Kevin Morby - Oh my God
Dead Oceans / CargoVÖ: 26.04.2019
Kevin, Maria und Josef
Kevin Morby wird nicht selten mit Bob Dylan verglichen, schon allein deswegen wie er bisweilen die letzten Wortsilben hinterherzieht. Eigentlich möchte man ja nun nicht schon wieder damit anfangen, hat sich Morby in den letzten Jahren auf vier Alben und in zahlreichen Kooperationen doch längst eine eigene und auch nicht unbedeutsame Künstler-Identität geschaffen. Wenn man allerdings den Titel seiner neuen Platte liest, muss man unweigerlich wieder an Dylan denken. Als "His Bobness" Ende der Siebziger plötzlich Jesus fand, waren nicht wenige seiner Fans entsetzt. Gut, das waren sie andauernd, aber diese Christenphase hatte durchaus einen besonders abgehobenen Touch, auch wenn der Rezensent aus persönlich-nostalgischen Gründen das vielseits gehasste "Slow train coming" in seinen Top-10-Dylan-Alben listen würde. Zurück zu Morby: Der seufzt auf einmal "Oh my God" und man fürchtet sich ein bisschen davor, was da wohl kommen mag.

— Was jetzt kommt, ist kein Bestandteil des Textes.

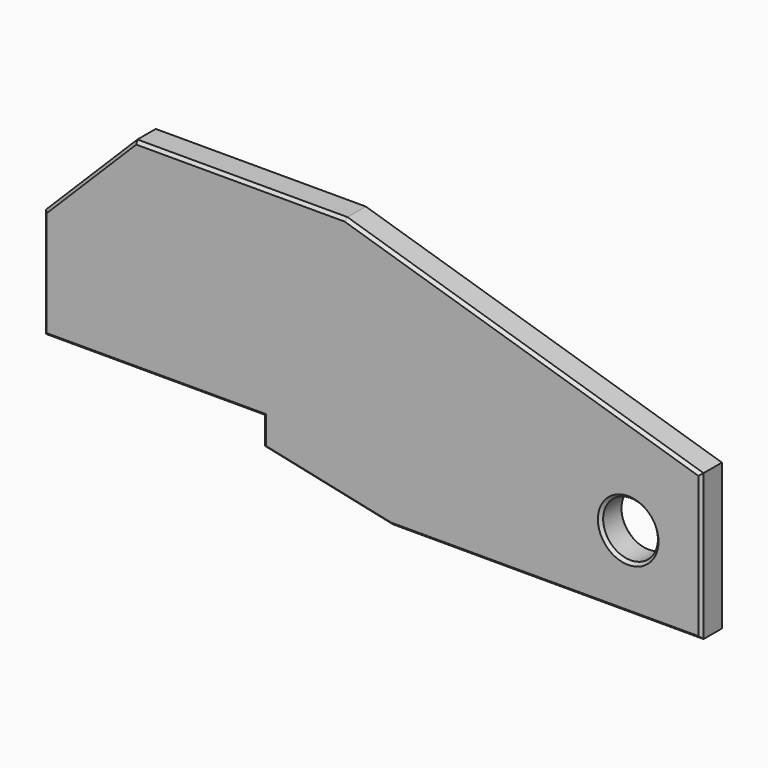
from build123d import *

# Parameters (mm, degrees)
F0_R     = 9.525
F1_DEPTH = 10
F2_SIZE  = 1.016


# Not quite as in the source:
# - a feature names something its author has since deleted; it is built from what else it names


with BuildPart() as f1:
    # F0 (on Front) → F1 (new body)
    with BuildSketch(Plane.XZ):
        Polygon((0, 38.1), (0, 0), (76.2, 0), (76.2, -9.525), (120.65, -19.05), (228.6, -19.05), (228.6, 31.75), (104.775, 69.85), (31.75, 69.85), align=None)
        with Locations((203.2, 6.35)):
            Circle(F0_R, mode=Mode.SUBTRACT)
    extrude(amount=F1_DEPTH)

    # F2
    f2_edges = [f1.edges().sort_by_distance(p)[0] for p in [
        (15.875, -10, 53.975),
        (0, -10, 19.05),
        (38.1, -10, 0),
        (76.2, -10, -4.7625),
        (98.425, -10, -14.2875),
        (174.625, -10, -19.05),
        (228.6, -10, 6.35),
        (166.6875, -10, 50.8),
        (68.2625, -10, 69.85),
        (193.675, -10, 6.35),
        (15.875, 0, 53.975),
        (0, 0, 19.05),
        (38.1, 0, 0),
        (76.2, 0, -4.7625),
        (98.425, 0, -14.2875),
        (174.625, 0, -19.05),
        (228.6, 0, 6.35),
        (166.6875, 0, 50.8),
        (68.2625, 0, 69.85),
        (193.675, 0, 6.35),
    ]]
    chamfer(f2_edges, length=F2_SIZE)


solid = f1.part
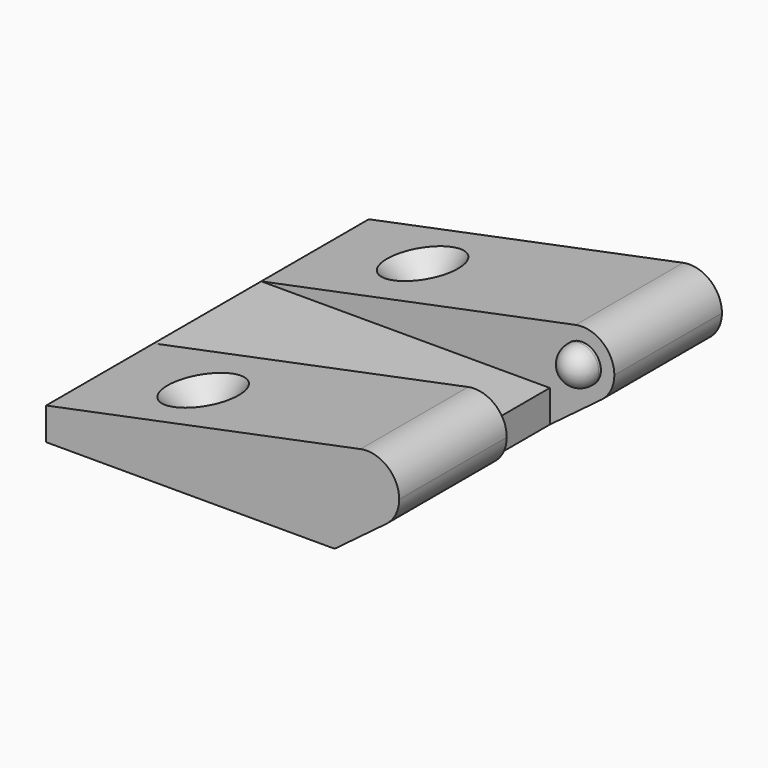
from build123d import *

# Parameters (mm, degrees)
F0_W            = 53.6510385573
F0_H            = 6
F0_R            = 3
F1_DEPTH        = 37.5
F1_DEPTH_BACK   = 37.5
F3_DEPTH        = 12.5
F3_DEPTH_BACK   = 12.5
F4_R            = 3.5
F5_DEPTH        = 4
F6_R            = 3.5
F7_DEPTH        = 4
F8_R            = 3.5
F10_D           = 6.7564
F10_CSINK_D     = 13.4874
F10_CSINK_ANGLE = 82


# Not quite as in the source:
# - a feature of the source that left no trace in its solid (it failed there, or was rolled back) is left out


with BuildPart() as f1:
    # F0 (on Front) → F1 (new body, two sides)
    with BuildSketch(Plane.XZ) as f1_sk:
        with Locations((-26.8255192786, 3)):
            Rectangle(F0_W, F0_H)
        with BuildLine():
            Line((0, 6), (0, 0))
            Line((0, 0), (9.6, 7.2))
            ThreePointArc((9.6, 7.2), (0.5263664708, 9.5424939495), (4.8050694646, 17.8798079064))
            Line((4.8050694646, 17.8798079064), (-53.6510385573, 6))
            Line((-53.6510385573, 6), (0, 6))
        make_face()
        with BuildLine():
            ThreePointArc((4.8050694646, 17.8798079064), (0.5263664708, 9.5424939495), (9.6, 7.2))
            ThreePointArc((9.6, 7.2), (11.366563146, 9.316718427), (12, 12))
            ThreePointArc((12, 12), (9.7967365452, 16.6459435647), (4.8050694646, 17.8798079064))
        make_face()
        with Locations((6, 12)):
            Circle(F0_R, mode=Mode.SUBTRACT)
        with Locations((6, 12)):
            Circle(F0_R)
    extrude(amount=F1_DEPTH)
    extrude(f1_sk.sketch, amount=-F1_DEPTH_BACK)

    # F0 (on Front) → F3 (cut, two sides)
    with BuildSketch(Plane.XZ) as f3_sk:
        with BuildLine():
            Line((0, 6), (0, 0))
            Line((0, 0), (9.6, 7.2))
            ThreePointArc((9.6, 7.2), (0.5263664708, 9.5424939495), (4.8050694646, 17.8798079064))
            Line((4.8050694646, 17.8798079064), (-53.6510385573, 6))
            Line((-53.6510385573, 6), (0, 6))
        make_face()
        with BuildLine():
            ThreePointArc((4.8050694646, 17.8798079064), (0.5263664708, 9.5424939495), (9.6, 7.2))
            ThreePointArc((9.6, 7.2), (11.366563146, 9.316718427), (12, 12))
            ThreePointArc((12, 12), (9.7967365452, 16.6459435647), (4.8050694646, 17.8798079064))
        make_face()
        with Locations((6, 12)):
            Circle(F0_R, mode=Mode.SUBTRACT)
        with Locations((6, 12)):
            Circle(F0_R)
    extrude(amount=F3_DEPTH, mode=Mode.SUBTRACT)
    extrude(f3_sk.sketch, amount=-F3_DEPTH_BACK, mode=Mode.SUBTRACT)

    # F4 (on face) → F5 (join)
    with BuildSketch(Plane.XZ.offset(-12.5)):
        with Locations((6, 12)):
            Circle(F4_R)
    extrude(amount=F5_DEPTH)

    # F6 (on face) → F7 (join)
    with BuildSketch(Plane(origin=(0, -12.5, 0), x_dir=(-1, 0, 0), z_dir=(0, 1, 0))):
        with Locations((-6, 12)):
            Circle(F6_R)
    extrude(amount=F7_DEPTH)

    # F8
    f8_edges = [f1.edges().sort_by_distance(p)[0] for p in [
        (9.5, -8.5, 12),
        (2.5, 8.5, 12),
    ]]
    fillet(f8_edges, radius=F8_R)

    # F10 (through all)
    with Locations(Plane(origin=(-3.2989413744, 0, 16.2328612433), x_dir=(0.9799679844, 0, 0.1991550892), z_dir=(-0.1991550892, 0, 0.9799679844))):
        with Locations((-31.3813695802, -25.5), (-31.3813695802, 25.5)):
            CounterSinkHole(F10_D / 2, F10_CSINK_D / 2, counter_sink_angle=F10_CSINK_ANGLE)


solid = f1.part

Tatsächlich beleuchtet der Texaner auf seinem fünften Album seine Spiritualität. Dabei würde er sich selbst keinesfalls als religiös bezeichnen, wie er im Vorfeld der Veröffentlichung zu verstehen gab. Er erklärt seinen Ansatz wie folgt: "Religion ist überall um uns herum, sie ist eine universelle Sprache, die eine tiefe Schönheit in sich trägt. [...] Es geht nicht darum, wiedergeboren zu werden, sondern vielmehr darum, dass 'Oh my God' so ein bedeutungsschwerer Ausdruck ist, den wir mehrmals täglich verwenden und der so viele verschiedene Dinge meint." So fällt die angesprochene Aussage auch in vielen Songs des gleichnamigen Albums. Natürlicherweise im eröffnenden Titeltrack, der sich im Gebet danach sehnt, endlich nach Hause zu kommen. Dabei wird er von klimpernden Tasten, später auch von einem entrückten Chor und einem recht sexy geratenen Sax begleitet. Die folgende Erstauskopplung "Na halo" mit ihren anheizenden Handclaps ist eine Morby-Komposition bester Manier. Wieder greifen Saxofon und ein Chor ein, diesmal aber auch eine flirrende Querflöte. Zur Mitte gibt es einen wunderschönen Break, der die Stimmung weiter vertieft. Das klagende "Nothing sacred / All things wild" betrauert zur vibrierenden Orgel die Ungöttlichkeit im Ordinären, während "OMG rock'n'roll" das Tanzbein schwingt wie 1950, dabei aber eine ganz ungewöhnliche, weil gewollt diffus agierende, Rhythmussekti engagiert hat. Etwa eine Minute vor Schluss zerfällt der Song, der Chor und das Piano übernehmen und greifen die Leitfrage des Openers wieder auf: "Oh my God, would you carry me home?"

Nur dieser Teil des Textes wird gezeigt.